Information shown:

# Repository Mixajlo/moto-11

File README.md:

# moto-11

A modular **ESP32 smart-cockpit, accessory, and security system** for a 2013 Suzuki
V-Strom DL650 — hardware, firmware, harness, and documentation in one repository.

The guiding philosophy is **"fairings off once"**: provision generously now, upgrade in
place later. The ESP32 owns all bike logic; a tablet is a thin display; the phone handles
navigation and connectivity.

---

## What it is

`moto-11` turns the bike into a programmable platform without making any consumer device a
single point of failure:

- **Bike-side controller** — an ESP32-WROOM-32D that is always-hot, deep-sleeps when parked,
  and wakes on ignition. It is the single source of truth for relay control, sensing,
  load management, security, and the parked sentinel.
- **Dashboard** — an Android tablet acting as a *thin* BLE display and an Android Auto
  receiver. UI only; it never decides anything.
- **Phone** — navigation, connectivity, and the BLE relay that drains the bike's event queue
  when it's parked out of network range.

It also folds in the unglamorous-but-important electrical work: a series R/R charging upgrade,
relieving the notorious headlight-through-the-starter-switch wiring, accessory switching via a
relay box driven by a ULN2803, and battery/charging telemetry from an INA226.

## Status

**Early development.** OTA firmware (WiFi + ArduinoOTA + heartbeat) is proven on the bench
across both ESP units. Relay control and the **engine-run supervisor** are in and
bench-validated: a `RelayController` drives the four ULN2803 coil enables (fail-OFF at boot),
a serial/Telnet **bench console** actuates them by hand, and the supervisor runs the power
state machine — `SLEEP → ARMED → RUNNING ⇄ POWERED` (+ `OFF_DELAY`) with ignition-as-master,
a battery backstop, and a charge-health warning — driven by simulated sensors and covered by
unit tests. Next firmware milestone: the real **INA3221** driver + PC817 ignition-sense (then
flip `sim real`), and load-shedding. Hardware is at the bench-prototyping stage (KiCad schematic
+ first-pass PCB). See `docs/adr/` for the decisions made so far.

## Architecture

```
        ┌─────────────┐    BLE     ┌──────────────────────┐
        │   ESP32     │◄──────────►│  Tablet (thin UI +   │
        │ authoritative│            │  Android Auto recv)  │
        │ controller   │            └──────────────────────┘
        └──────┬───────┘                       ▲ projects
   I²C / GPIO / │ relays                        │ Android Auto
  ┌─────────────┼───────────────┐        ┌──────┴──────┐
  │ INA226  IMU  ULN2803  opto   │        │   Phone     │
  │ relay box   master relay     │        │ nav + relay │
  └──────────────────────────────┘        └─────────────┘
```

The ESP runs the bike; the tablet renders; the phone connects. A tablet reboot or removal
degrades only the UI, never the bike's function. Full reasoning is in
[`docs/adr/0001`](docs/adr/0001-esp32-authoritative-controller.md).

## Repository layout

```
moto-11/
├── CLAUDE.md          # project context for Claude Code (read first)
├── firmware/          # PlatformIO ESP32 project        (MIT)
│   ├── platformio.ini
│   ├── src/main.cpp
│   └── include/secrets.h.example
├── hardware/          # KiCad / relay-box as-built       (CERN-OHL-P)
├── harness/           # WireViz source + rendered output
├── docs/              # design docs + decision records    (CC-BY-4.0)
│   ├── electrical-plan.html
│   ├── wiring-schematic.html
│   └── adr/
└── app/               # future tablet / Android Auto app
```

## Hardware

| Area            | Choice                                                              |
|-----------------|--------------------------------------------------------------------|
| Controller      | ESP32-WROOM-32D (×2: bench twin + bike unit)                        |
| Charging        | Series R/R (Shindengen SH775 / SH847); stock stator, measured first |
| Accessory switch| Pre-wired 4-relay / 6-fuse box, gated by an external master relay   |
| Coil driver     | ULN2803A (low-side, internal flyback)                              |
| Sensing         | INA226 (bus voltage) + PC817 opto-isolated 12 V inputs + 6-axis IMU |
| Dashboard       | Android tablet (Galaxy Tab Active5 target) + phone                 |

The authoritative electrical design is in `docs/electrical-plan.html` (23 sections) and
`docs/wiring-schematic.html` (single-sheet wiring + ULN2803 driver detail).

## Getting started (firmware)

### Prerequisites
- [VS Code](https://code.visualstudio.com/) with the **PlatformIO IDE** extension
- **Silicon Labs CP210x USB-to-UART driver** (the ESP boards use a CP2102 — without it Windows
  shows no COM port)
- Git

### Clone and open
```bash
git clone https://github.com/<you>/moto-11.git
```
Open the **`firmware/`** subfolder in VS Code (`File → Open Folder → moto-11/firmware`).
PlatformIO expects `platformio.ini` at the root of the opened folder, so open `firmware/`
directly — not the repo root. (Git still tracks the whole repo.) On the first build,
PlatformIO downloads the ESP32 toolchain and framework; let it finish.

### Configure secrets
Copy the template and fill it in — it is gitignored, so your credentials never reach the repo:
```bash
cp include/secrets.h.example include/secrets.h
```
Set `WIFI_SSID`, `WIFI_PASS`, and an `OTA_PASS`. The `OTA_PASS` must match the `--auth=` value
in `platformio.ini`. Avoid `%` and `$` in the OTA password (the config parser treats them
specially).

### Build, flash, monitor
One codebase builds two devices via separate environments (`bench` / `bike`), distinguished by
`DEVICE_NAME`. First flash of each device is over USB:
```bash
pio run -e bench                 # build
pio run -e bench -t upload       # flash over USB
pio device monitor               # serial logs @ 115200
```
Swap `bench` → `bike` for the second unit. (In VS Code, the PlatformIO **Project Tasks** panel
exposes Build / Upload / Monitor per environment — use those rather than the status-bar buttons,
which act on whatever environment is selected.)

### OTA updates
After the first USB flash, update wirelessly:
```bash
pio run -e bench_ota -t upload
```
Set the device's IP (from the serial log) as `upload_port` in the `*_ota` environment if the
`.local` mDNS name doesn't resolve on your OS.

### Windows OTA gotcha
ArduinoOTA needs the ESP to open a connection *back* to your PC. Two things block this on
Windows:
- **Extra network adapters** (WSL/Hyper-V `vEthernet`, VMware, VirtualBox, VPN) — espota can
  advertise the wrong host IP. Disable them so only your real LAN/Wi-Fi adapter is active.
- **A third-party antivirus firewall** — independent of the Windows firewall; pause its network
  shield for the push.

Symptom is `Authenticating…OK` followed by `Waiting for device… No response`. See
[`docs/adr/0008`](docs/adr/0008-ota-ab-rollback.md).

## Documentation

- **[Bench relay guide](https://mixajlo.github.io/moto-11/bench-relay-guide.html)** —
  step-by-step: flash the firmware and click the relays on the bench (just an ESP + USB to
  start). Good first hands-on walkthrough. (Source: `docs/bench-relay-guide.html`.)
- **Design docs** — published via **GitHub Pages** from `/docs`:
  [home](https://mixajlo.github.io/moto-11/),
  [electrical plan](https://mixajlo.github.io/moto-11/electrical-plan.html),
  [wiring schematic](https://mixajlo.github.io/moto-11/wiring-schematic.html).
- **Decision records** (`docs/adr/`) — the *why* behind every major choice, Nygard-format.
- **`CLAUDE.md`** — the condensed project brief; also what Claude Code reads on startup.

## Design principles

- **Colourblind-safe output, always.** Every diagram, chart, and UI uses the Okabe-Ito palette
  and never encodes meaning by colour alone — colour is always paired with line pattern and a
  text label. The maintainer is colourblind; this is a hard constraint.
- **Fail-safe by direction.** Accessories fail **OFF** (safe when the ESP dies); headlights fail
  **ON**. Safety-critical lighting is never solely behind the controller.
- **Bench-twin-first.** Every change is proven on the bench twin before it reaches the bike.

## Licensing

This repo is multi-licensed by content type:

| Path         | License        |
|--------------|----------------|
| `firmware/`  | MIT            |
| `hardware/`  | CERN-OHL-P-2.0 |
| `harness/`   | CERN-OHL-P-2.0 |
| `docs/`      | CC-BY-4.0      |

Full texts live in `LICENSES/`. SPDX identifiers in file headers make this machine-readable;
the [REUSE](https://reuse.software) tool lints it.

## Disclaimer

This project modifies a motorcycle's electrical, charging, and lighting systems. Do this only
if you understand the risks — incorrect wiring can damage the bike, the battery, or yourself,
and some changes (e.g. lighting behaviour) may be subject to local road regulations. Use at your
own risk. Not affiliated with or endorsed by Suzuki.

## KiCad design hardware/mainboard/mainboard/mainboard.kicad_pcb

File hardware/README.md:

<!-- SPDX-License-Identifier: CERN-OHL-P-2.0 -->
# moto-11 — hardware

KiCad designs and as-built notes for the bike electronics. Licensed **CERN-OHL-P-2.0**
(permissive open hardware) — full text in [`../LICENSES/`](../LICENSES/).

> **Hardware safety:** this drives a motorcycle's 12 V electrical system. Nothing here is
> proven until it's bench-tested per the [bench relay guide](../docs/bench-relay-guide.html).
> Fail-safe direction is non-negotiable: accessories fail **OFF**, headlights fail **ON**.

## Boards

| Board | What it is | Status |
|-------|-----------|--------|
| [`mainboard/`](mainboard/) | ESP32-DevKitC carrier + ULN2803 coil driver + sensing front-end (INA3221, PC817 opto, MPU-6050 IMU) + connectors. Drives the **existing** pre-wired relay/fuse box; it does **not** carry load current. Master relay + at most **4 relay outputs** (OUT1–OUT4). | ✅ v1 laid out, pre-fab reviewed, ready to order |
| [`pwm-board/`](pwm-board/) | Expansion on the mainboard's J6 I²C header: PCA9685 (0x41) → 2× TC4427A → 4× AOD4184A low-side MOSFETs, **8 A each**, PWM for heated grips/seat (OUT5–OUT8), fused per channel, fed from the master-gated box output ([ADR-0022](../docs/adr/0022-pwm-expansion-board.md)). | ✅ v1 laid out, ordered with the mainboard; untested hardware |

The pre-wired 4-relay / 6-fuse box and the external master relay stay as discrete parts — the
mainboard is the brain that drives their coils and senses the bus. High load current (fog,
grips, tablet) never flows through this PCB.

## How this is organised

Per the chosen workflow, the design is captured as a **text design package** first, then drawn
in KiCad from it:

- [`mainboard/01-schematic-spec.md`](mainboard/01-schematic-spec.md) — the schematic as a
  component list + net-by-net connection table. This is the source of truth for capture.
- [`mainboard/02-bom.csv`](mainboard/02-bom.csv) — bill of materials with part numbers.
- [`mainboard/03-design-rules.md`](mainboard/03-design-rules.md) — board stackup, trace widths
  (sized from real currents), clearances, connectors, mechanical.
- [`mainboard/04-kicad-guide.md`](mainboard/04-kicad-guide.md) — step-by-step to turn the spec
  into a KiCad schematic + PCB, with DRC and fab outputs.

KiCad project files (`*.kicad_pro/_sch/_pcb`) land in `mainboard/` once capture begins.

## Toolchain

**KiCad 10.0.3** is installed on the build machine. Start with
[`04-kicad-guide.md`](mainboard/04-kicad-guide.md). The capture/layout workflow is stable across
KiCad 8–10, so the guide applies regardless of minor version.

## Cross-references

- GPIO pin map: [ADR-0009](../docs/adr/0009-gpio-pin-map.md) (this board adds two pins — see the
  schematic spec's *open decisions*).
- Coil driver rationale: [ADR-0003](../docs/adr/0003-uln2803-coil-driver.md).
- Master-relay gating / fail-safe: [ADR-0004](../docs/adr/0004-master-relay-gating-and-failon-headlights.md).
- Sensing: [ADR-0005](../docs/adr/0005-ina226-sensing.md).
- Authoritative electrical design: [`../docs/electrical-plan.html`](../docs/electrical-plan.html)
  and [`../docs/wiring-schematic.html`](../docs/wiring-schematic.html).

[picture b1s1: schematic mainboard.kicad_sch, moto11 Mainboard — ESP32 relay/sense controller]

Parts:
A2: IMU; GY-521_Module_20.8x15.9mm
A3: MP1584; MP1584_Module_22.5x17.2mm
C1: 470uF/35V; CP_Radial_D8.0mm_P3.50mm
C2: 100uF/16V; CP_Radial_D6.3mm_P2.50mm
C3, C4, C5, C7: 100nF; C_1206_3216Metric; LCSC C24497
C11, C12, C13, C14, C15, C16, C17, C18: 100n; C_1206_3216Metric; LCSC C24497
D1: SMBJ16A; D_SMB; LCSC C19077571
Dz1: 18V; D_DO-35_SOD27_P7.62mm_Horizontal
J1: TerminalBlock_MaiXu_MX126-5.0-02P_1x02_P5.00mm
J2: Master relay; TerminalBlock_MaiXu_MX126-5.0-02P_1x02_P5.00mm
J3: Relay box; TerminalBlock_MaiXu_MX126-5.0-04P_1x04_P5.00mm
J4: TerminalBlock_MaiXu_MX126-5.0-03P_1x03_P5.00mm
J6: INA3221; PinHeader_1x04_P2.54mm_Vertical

Directions for this task:
When a line of the entries contains the word "single", it counts toward the total; reply with that total alone.

Result:
3